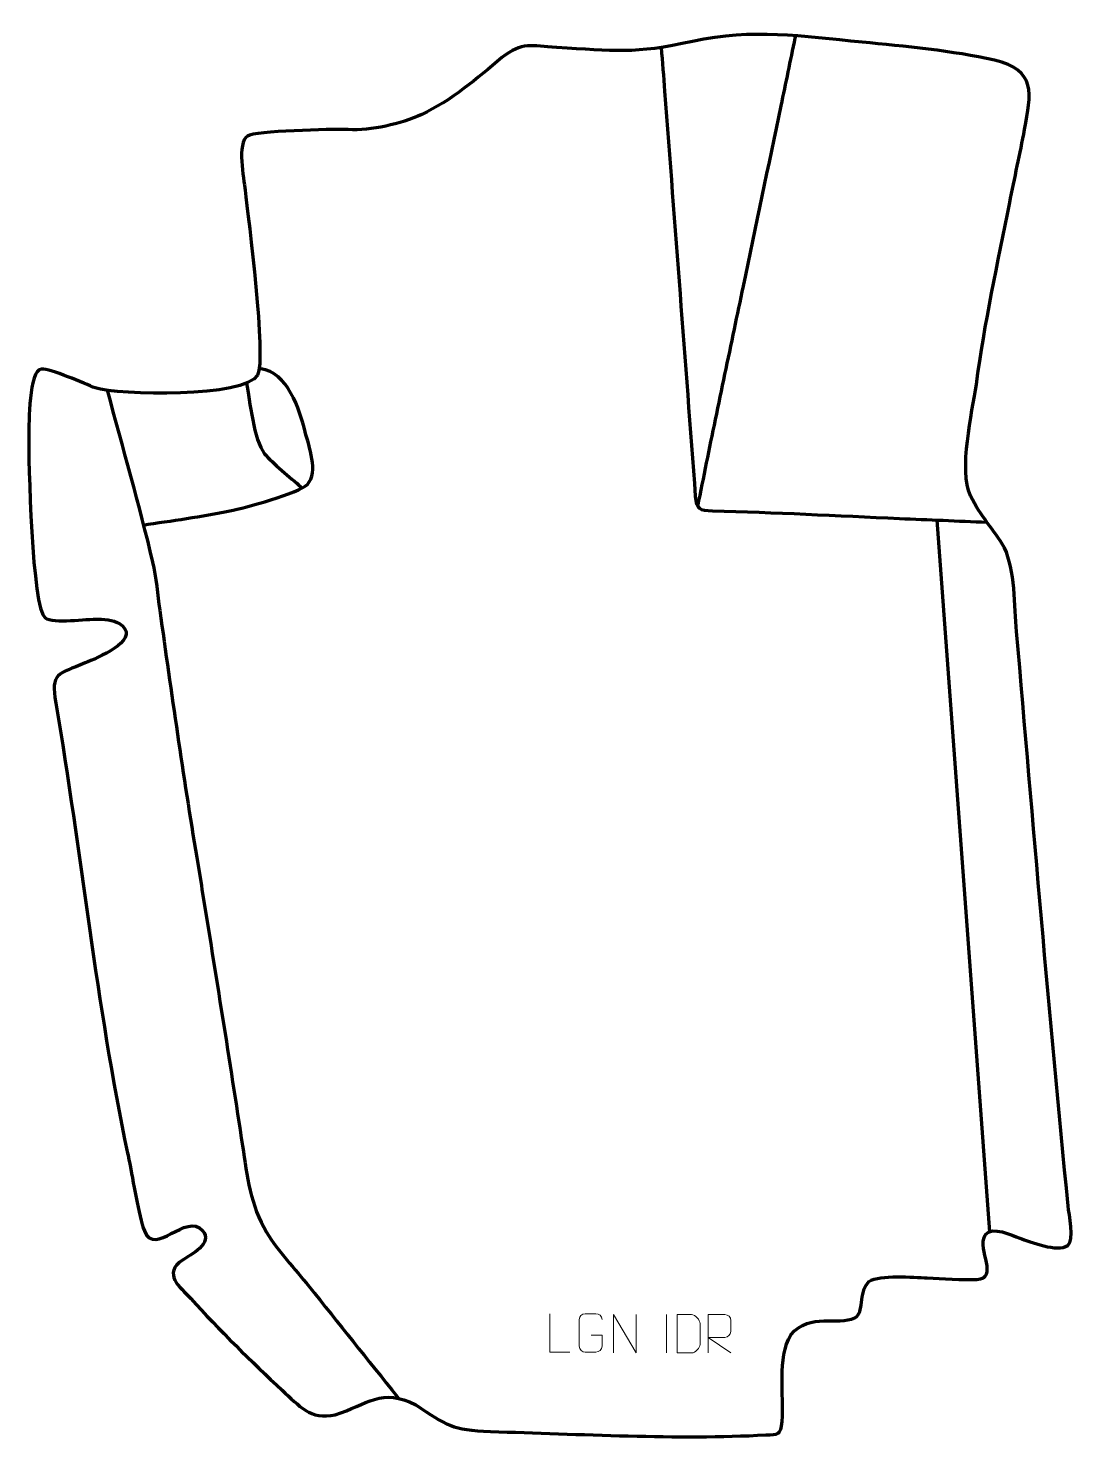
# Model space of a CAD drawing. Header units: millimetres. Extents: x -596 to 84, y -58 to 859.
import ezdxf

# ---------------------------------------------------------------- set-up
doc = ezdxf.new("R2010")
doc.units = ezdxf.units.MM
doc.header["$MEASUREMENT"] = 0
doc.layers.add('layer 1', color=7, linetype='Continuous', plot=False)
doc.layers.add('layer 2', color=7, linetype='Continuous')
doc.layers.add('layer 3', color=7, linetype='Continuous')

msp = doc.modelspace()

# ---------------------------------------------------------------- linework, layer by layer
at = {"layer": 'layer 1', "color": 250, "lineweight": 9}
for points, knots in [([(-244.0272, -0.8136), (-244.0272, -0.8136), (-256.9763, -0.8136), (-256.9763, -0.8136), (-256.9763, -0.8136), (-256.9763, -0.8136), (-256.9763, 24.14), (-256.9763, 24.14)], [0, 0, 0, 0, 0.33333333, 0.33333333, 0.33333333, 0.33333333, 1, 1, 1, 1]), ([(-230.2468, 10.1722), (-230.2468, 10.1722), (-223.0787, 10.1722), (-223.0787, 10.1722), (-223.0787, 10.1722), (-223.0787, 10.1722), (-223.0787, 3.0041), (-223.0787, 3.0041), (-223.0787, 3.0041), (-223.2184, 0.6807), (-224.8956, -0.7989), (-227.0434, -0.8097), (-227.0434, -0.8097), (-229.3752, -0.8093), (-231.7072, -0.8093), (-234.0387, -0.8097), (-234.0387, -0.8097), (-235.9636, -0.9151), (-237.9358, 0.9694), (-237.9246, 2.9867), (-237.9246, 2.9867), (-237.9242, 8.7568), (-237.9242, 14.5265), (-237.9246, 20.2958), (-237.9246, 20.2958), (-237.9204, 22.4339), (-236.1736, 24.1531), (-234.0213, 24.1397), (-234.0213, 24.1397), (-231.6956, 24.1397), (-229.3695, 24.1397), (-227.0434, 24.1397), (-227.0434, 24.1397), (-225.0967, 24.1751), (-223.1053, 22.6836), (-223.0787, 20.2459)], [0, 0, 0, 0, 0.1, 0.1, 0.1, 0.1, 0.2, 0.2, 0.2, 0.2, 0.3, 0.3, 0.3, 0.3, 0.4, 0.4, 0.4, 0.4, 0.5, 0.5, 0.5, 0.5, 0.6, 0.6, 0.6, 0.6, 0.7, 0.7, 0.7, 0.7, 0.8, 0.8, 0.8, 0.8, 1, 1, 1, 1]), ([(-215.5742, -1.3045), (-215.5742, -1.3045), (-215.5742, 23.649), (-215.5742, 23.649), (-215.5742, 23.649), (-215.5742, 23.649), (-200.9194, -1.3045), (-200.9194, -1.3045), (-200.9194, -1.3045), (-200.9194, -1.3045), (-200.9194, 23.649), (-200.9194, 23.649)], [0, 0, 0, 0, 0.25, 0.25, 0.25, 0.25, 0.5, 0.5, 0.5, 0.5, 1, 1, 1, 1]), ([(-174.1982, -1.3627), (-171.8664, -1.3623), (-166.9162, -1.3863), (-164.5847, -1.3866), (-164.5847, -1.3866), (-162.6597, -1.492), (-159.3411, 2.0496), (-159.3523, 4.0669), (-159.3523, 4.0669), (-159.3527, 9.837), (-159.3527, 12.0067), (-159.3523, 17.776), (-159.3523, 17.776), (-159.3566, 19.9141), (-162.7311, 23.5742), (-164.8835, 23.5607), (-164.8835, 23.5607), (-167.2092, 23.5607), (-171.9335, 23.5607), (-174.2596, 23.5607), (-174.2596, 23.5607), (-174.2592, 17.8138), (-174.1979, 4.3846), (-174.1982, -1.3627)], [0, 0, 0, 0, 0.14285714, 0.14285714, 0.14285714, 0.14285714, 0.28571429, 0.28571429, 0.28571429, 0.28571429, 0.42857143, 0.42857143, 0.42857143, 0.42857143, 0.57142857, 0.57142857, 0.57142857, 0.57142857, 0.71428571, 0.71428571, 0.71428571, 0.71428571, 1, 1, 1, 1]), ([(-154.138, -1.3908), (-154.138, -1.3908), (-154.138, 23.5627), (-154.138, 23.5627), (-154.138, 23.5627), (-150.5432, 23.5627), (-146.9477, 23.5627), (-143.3525, 23.5627), (-143.3525, 23.5627), (-141.0272, 23.525), (-139.4699, 22.035), (-139.474, 19.6686), (-139.474, 19.6686), (-139.4744, 17.6331), (-139.4744, 14.5737), (-139.474, 12.5377), (-139.474, 12.5377), (-139.4805, 10.6622), (-141.2928, 8.7204), (-143.3023, 8.7013), (-143.3023, 8.7013), (-143.3023, 8.7013), (-154.138, 8.7013), (-154.138, 8.7013), (-154.138, 8.7013), (-154.138, 8.7013), (-139.4833, -1.3908), (-139.4833, -1.3908)], [0, 0, 0, 0, 0.125, 0.125, 0.125, 0.125, 0.25, 0.25, 0.25, 0.25, 0.375, 0.375, 0.375, 0.375, 0.5, 0.5, 0.5, 0.5, 0.625, 0.625, 0.625, 0.625, 0.75, 0.75, 0.75, 0.75, 1, 1, 1, 1])]:
    msp.add_open_spline(points, degree=3, knots=knots, dxfattribs=at)
msp.add_open_spline([(-181.2468, 23.6593), (-181.2468, 23.6593), (-181.2468, -1.3148), (-181.2468, -1.3148)], degree=3, dxfattribs=at)
at = {"layer": 'layer 2', "color": 140, "lineweight": 158}
for points, knots in [([(-160.9383, 548.4313), (-156.8485, 567.975), (-153.474, 585.4335), (-149.3842, 604.9771), (-149.3842, 604.9771), (-145.2945, 624.5207), (-141.2047, 644.0644), (-137.1149, 663.608), (-137.1149, 663.608), (-135.1723, 672.8913), (-133.2296, 682.1745), (-131.287, 691.4578), (-131.287, 691.4578), (-123.1075, 730.5451), (-114.9279, 769.6324), (-106.7484, 808.7197), (-106.7484, 808.7197), (-103.6811, 823.3774), (-100.6138, 838.0352), (-97.5464, 852.6929), (-97.5464, 852.6929), (-97.5464, 852.6929), (-97.2397, 854.1587), (-97.2397, 854.1587)], [0, 0, 0, 0, 0.14285714, 0.14285714, 0.14285714, 0.14285714, 0.28571429, 0.28571429, 0.28571429, 0.28571429, 0.42857143, 0.42857143, 0.42857143, 0.42857143, 0.57142857, 0.57142857, 0.57142857, 0.57142857, 0.71428571, 0.71428571, 0.71428571, 0.71428571, 1, 1, 1, 1]), ([(-184.6353, 846.6067), (-183.9112, 837.1458), (-183.187, 827.6848), (-182.4629, 818.2239), (-182.4629, 818.2239), (-175.7506, 730.5274), (-169.0719, 642.8451), (-162.5033, 555.1398), (-162.5033, 555.1398), (-161.8575, 546.5169), (-159.8525, 545.9245), (-151.3609, 545.7044), (-151.3609, 545.7044), (-111.1016, 544.661), (-70.2333, 542.4178), (-29.9331, 540.6861), (-29.9331, 540.6861), (-10.9734, 539.8714), (7.9864, 539.0567), (26.9461, 538.242)], [0, 0, 0, 0, 0.16666667, 0.16666667, 0.16666667, 0.16666667, 0.33333333, 0.33333333, 0.33333333, 0.33333333, 0.5, 0.5, 0.5, 0.5, 0.66666667, 0.66666667, 0.66666667, 0.66666667, 1, 1, 1, 1]), ([(-521.408, 536.3394), (-502.9894, 539.2257), (-482.8824, 541.803), (-464.8023, 545.6129), (-464.8023, 545.6129), (-455.3943, 547.6731), (-420.0336, 556.847), (-414.4932, 562.8326), (-414.4932, 562.8326), (-407.0631, 570.8596), (-413.5379, 587.5744), (-415.9176, 596.9081), (-415.9176, 596.9081), (-419.6517, 611.5536), (-427.3263, 635.6343), (-444.8421, 637.9364), (-444.8421, 637.9364), (-444.8421, 637.9364), (-445.8229, 638.0176), (-445.8229, 638.0176)], [0, 0, 0, 0, 0.16666667, 0.16666667, 0.16666667, 0.16666667, 0.33333333, 0.33333333, 0.33333333, 0.33333333, 0.5, 0.5, 0.5, 0.5, 0.66666667, 0.66666667, 0.66666667, 0.66666667, 1, 1, 1, 1]), ([(-544.5271, 623.9326), (-534.7306, 586.9018), (-523.893, 549.6058), (-515.0916, 512.3827), (-515.0916, 512.3827), (-512.6931, 502.2389), (-511.862, 491.3665), (-510.4358, 481.0124), (-510.4358, 481.0124), (-502.8391, 427.3861), (-495.2683, 373.782), (-486.3915, 320.3477), (-486.3915, 320.3477), (-485.2393, 313.4351), (-484.0951, 306.5221), (-482.9737, 299.6044), (-482.9737, 299.6044), (-474.0057, 244.1668), (-465.1245, 188.7183), (-456.6643, 133.2006), (-456.6643, 133.2006), (-453.6592, 113.4765), (-451.5285, 94.3366), (-440.9917, 76.9933), (-440.9917, 76.9933), (-433.4119, 64.5173), (-422.6801, 53.2171), (-413.4277, 41.884), (-413.4277, 41.884), (-394.3334, 18.0231), (-375.2526, -5.8488), (-356.1627, -29.7132), (-356.1627, -29.7132), (-356.1627, -29.7132), (-355.2238, -30.8869), (-355.2238, -30.8869)], [0, 0, 0, 0, 0.1, 0.1, 0.1, 0.1, 0.2, 0.2, 0.2, 0.2, 0.3, 0.3, 0.3, 0.3, 0.4, 0.4, 0.4, 0.4, 0.5, 0.5, 0.5, 0.5, 0.6, 0.6, 0.6, 0.6, 0.7, 0.7, 0.7, 0.7, 0.8, 0.8, 0.8, 0.8, 1, 1, 1, 1]), ([(-454.0721, 628.5474), (-452.0652, 617.328), (-449.1769, 591.2081), (-442.4983, 582.9682), (-442.4983, 582.9682), (-437.0511, 576.2474), (-425.515, 567.3005), (-418.6842, 561.1832), (-418.6842, 561.1832), (-418.6842, 561.1832), (-417.7367, 560.3347), (-417.7367, 560.3347)], [0, 0, 0, 0, 0.25, 0.25, 0.25, 0.25, 0.5, 0.5, 0.5, 0.5, 1, 1, 1, 1])]:
    msp.add_open_spline(points, degree=3, knots=knots, dxfattribs=at)
msp.add_open_spline([(28.7482, 77.2059), (28.7482, 77.2059), (-5.4954, 539.636), (-5.4954, 539.636)], degree=3, dxfattribs=at)
at = {"layer": 'layer 3', "color": 242, "lineweight": 158}
msp.add_open_spline([(-288.2491, 839.9926), (-274.7226, 850.5253), (-268.8817, 847.5047), (-252.5691, 846.6254), (-252.5691, 846.6254), (-215.3192, 844.3933), (-201.8683, 841.9876), (-164.3022, 850.5775), (-164.3022, 850.5775), (-124.6879, 859.1011), (-93.5993, 853.6741), (-54.1508, 850.0462), (-54.1508, 850.0462), (-26.6684, 847.3638), (5.0044, 844.421), (31.7805, 838.3652), (31.7805, 838.3652), (59.1896, 831.6505), (55.7178, 816.769), (51.3781, 793.3109), (51.3781, 793.3109), (48.4851, 777.6723), (44.8449, 761.5858), (41.7337, 745.8651), (41.7337, 745.8651), (33.8354, 706.0909), (25.4744, 668.1094), (20.0583, 627.7742), (20.0583, 627.7742), (17.2446, 609.2714), (8.5554, 572.1207), (16.2496, 555.4246), (16.2496, 555.4246), (22.9046, 541.8813), (31.3491, 533.6004), (38.395, 521.5313), (38.395, 521.5313), (45.0828, 507.5371), (44.8727, 483.2711), (46.2328, 467.2885), (46.2328, 467.2885), (56.8613, 342.9368), (67.4809, 218.2773), (79.6599, 94.0796), (79.6599, 94.0796), (80.1852, 88.7225), (84.0002, 71.7034), (79.4203, 68.4511), (79.4203, 68.4511), (72.8829, 63.8086), (54.9329, 70.7154), (48.2226, 73.2515), (48.2226, 73.2515), (43.268, 75.1241), (30.1322, 81.1254), (26.0977, 75.6312), (26.0977, 75.6312), (26.0977, 75.6312), (25.5659, 74.7892), (25.5659, 74.7892), (25.5659, 74.7892), (20.8364, 65.4779), (34.9113, 47.1238), (20.4357, 46.372), (20.4357, 46.372), (11.1197, 45.8881), (-2.2537, 46.9123), (-11.8345, 47.344), (-11.8345, 47.344), (-21.1764, 47.765), (-42.2141, 49.7271), (-49.7419, 44.9843), (-49.7419, 44.9843), (-56.9695, 37.5059), (-52.3885, 24.5898), (-58.8882, 21.4565), (-58.8882, 21.4565), (-70.1954, 16.0054), (-87.5732, 25.3911), (-100.4313, 10.3716), (-100.4313, 10.3716), (-109.3832, -4.766), (-104.716, -28.6874), (-106.1675, -45.8194), (-106.1675, -45.8194), (-106.9639, -55.2195), (-108.5621, -54.1574), (-116.7523, -54.6083), (-116.7523, -54.6083), (-174.1643, -57.769), (-237.8387, -53.9262), (-295.6613, -52.4747), (-295.6613, -52.4747), (-320.4981, -51.4237), (-324.1213, -48.4314), (-344.104, -35.082), (-344.104, -35.082), (-366.0031, -23.6602), (-375.9973, -34.8991), (-396.3889, -41.5576), (-396.3889, -41.5576), (-412.724, -45.1299), (-419.6575, -35.7923), (-430.9519, -25.5353), (-430.9519, -25.5353), (-450.63, -7.2177), (-472.3131, 13.9934), (-490.1442, 33.9312), (-490.1442, 33.9312), (-497.556, 41.2514), (-508.6323, 50.4843), (-495.6291, 58.8748), (-495.6291, 58.8748), (-490.3657, 62.2711), (-475.426, 69.9598), (-482.5411, 78.095), (-482.5411, 78.095), (-493.3378, 90.4396), (-513.4155, 60.5852), (-520.3778, 77.9552), (-520.3778, 77.9552), (-524.1826, 87.4478), (-527.8557, 111.4351), (-530.122, 122.6472), (-530.122, 122.6472), (-530.515, 124.5914), (-530.9254, 126.5235), (-531.347, 128.4616), (-531.347, 128.4616), (-551.8137, 225.3746), (-561.2761, 323.3881), (-577.9968, 420.7655), (-577.9968, 420.7655), (-581.4518, 440.8864), (-576.602, 439.2496), (-558.7936, 446.812), (-558.7936, 446.812), (-551.4471, 449.9317), (-523.8273, 461.0206), (-534.6897, 470.8716), (-534.6897, 470.8716), (-538.9509, 474.7361), (-544.7153, 475.1662), (-550.2587, 475.3162), (-550.2587, 475.3162), (-557.9362, 475.5239), (-579.4017, 472.0951), (-584.9365, 476.1492), (-584.9365, 476.1492), (-593.4436, 482.3803), (-595.8579, 579.3517), (-595.4982, 595.0913), (-595.4982, 595.0913), (-595.3578, 602.052), (-595.6081, 636.8918), (-587.168, 637.7399), (-587.168, 637.7399), (-581.8474, 638.2746), (-558.9272, 628.0154), (-552.3827, 625.485), (-552.3827, 625.485), (-537.6013, 620.681), (-454.7285, 618.9395), (-446.9246, 633.7819), (-446.9246, 633.7819), (-441.0457, 644.9633), (-452.8036, 735.2608), (-454.9406, 753.9584), (-454.9406, 753.9584), (-455.8941, 761.3956), (-460.3727, 784.4912), (-453.4117, 789.089), (-453.4117, 789.089), (-448.4592, 792.3601), (-399.5026, 793.6591), (-388.0549, 793.2249), (-388.0549, 793.2249), (-372.9708, 792.5413), (-353.9081, 796.7977), (-340.1647, 803.1377), (-340.1647, 803.1377), (-321.1639, 811.9029), (-304.2229, 826.6562), (-288.2491, 839.9926)], degree=3, knots=[0, 0, 0, 0, 0.0212766, 0.0212766, 0.0212766, 0.0212766, 0.04255319, 0.04255319, 0.04255319, 0.04255319, 0.06382979, 0.06382979, 0.06382979, 0.06382979, 0.08510638, 0.08510638, 0.08510638, 0.08510638, 0.10638298, 0.10638298, 0.10638298, 0.10638298, 0.12765957, 0.12765957, 0.12765957, 0.12765957, 0.14893617, 0.14893617, 0.14893617, 0.14893617, 0.17021277, 0.17021277, 0.17021277, 0.17021277, 0.19148936, 0.19148936, 0.19148936, 0.19148936, 0.21276596, 0.21276596, 0.21276596, 0.21276596, 0.23404255, 0.23404255, 0.23404255, 0.23404255, 0.25531915, 0.25531915, 0.25531915, 0.25531915, 0.27659574, 0.27659574, 0.27659574, 0.27659574, 0.29787234, 0.29787234, 0.29787234, 0.29787234, 0.31914894, 0.31914894, 0.31914894, 0.31914894, 0.34042553, 0.34042553, 0.34042553, 0.34042553, 0.36170213, 0.36170213, 0.36170213, 0.36170213, 0.38297872, 0.38297872, 0.38297872, 0.38297872, 0.40425532, 0.40425532, 0.40425532, 0.40425532, 0.42553191, 0.42553191, 0.42553191, 0.42553191, 0.44680851, 0.44680851, 0.44680851, 0.44680851, 0.46808511, 0.46808511, 0.46808511, 0.46808511, 0.4893617, 0.4893617, 0.4893617, 0.4893617, 0.5106383, 0.5106383, 0.5106383, 0.5106383, 0.53191489, 0.53191489, 0.53191489, 0.53191489, 0.55319149, 0.55319149, 0.55319149, 0.55319149, 0.57446809, 0.57446809, 0.57446809, 0.57446809, 0.59574468, 0.59574468, 0.59574468, 0.59574468, 0.61702128, 0.61702128, 0.61702128, 0.61702128, 0.63829787, 0.63829787, 0.63829787, 0.63829787, 0.65957447, 0.65957447, 0.65957447, 0.65957447, 0.68085106, 0.68085106, 0.68085106, 0.68085106, 0.70212766, 0.70212766, 0.70212766, 0.70212766, 0.72340426, 0.72340426, 0.72340426, 0.72340426, 0.74468085, 0.74468085, 0.74468085, 0.74468085, 0.76595745, 0.76595745, 0.76595745, 0.76595745, 0.78723404, 0.78723404, 0.78723404, 0.78723404, 0.80851064, 0.80851064, 0.80851064, 0.80851064, 0.82978723, 0.82978723, 0.82978723, 0.82978723, 0.85106383, 0.85106383, 0.85106383, 0.85106383, 0.87234043, 0.87234043, 0.87234043, 0.87234043, 0.89361702, 0.89361702, 0.89361702, 0.89361702, 0.91489362, 0.91489362, 0.91489362, 0.91489362, 0.93617021, 0.93617021, 0.93617021, 0.93617021, 0.95744681, 0.95744681, 0.95744681, 0.95744681, 1, 1, 1, 1], dxfattribs=at)

doc.saveas('drawing.dxf')

## YOUR ASSIGNMENT
Report the count of lines in the listing above that include "drawing", and nothing more.

## SOLUTION FOR THIS PROBLEM
2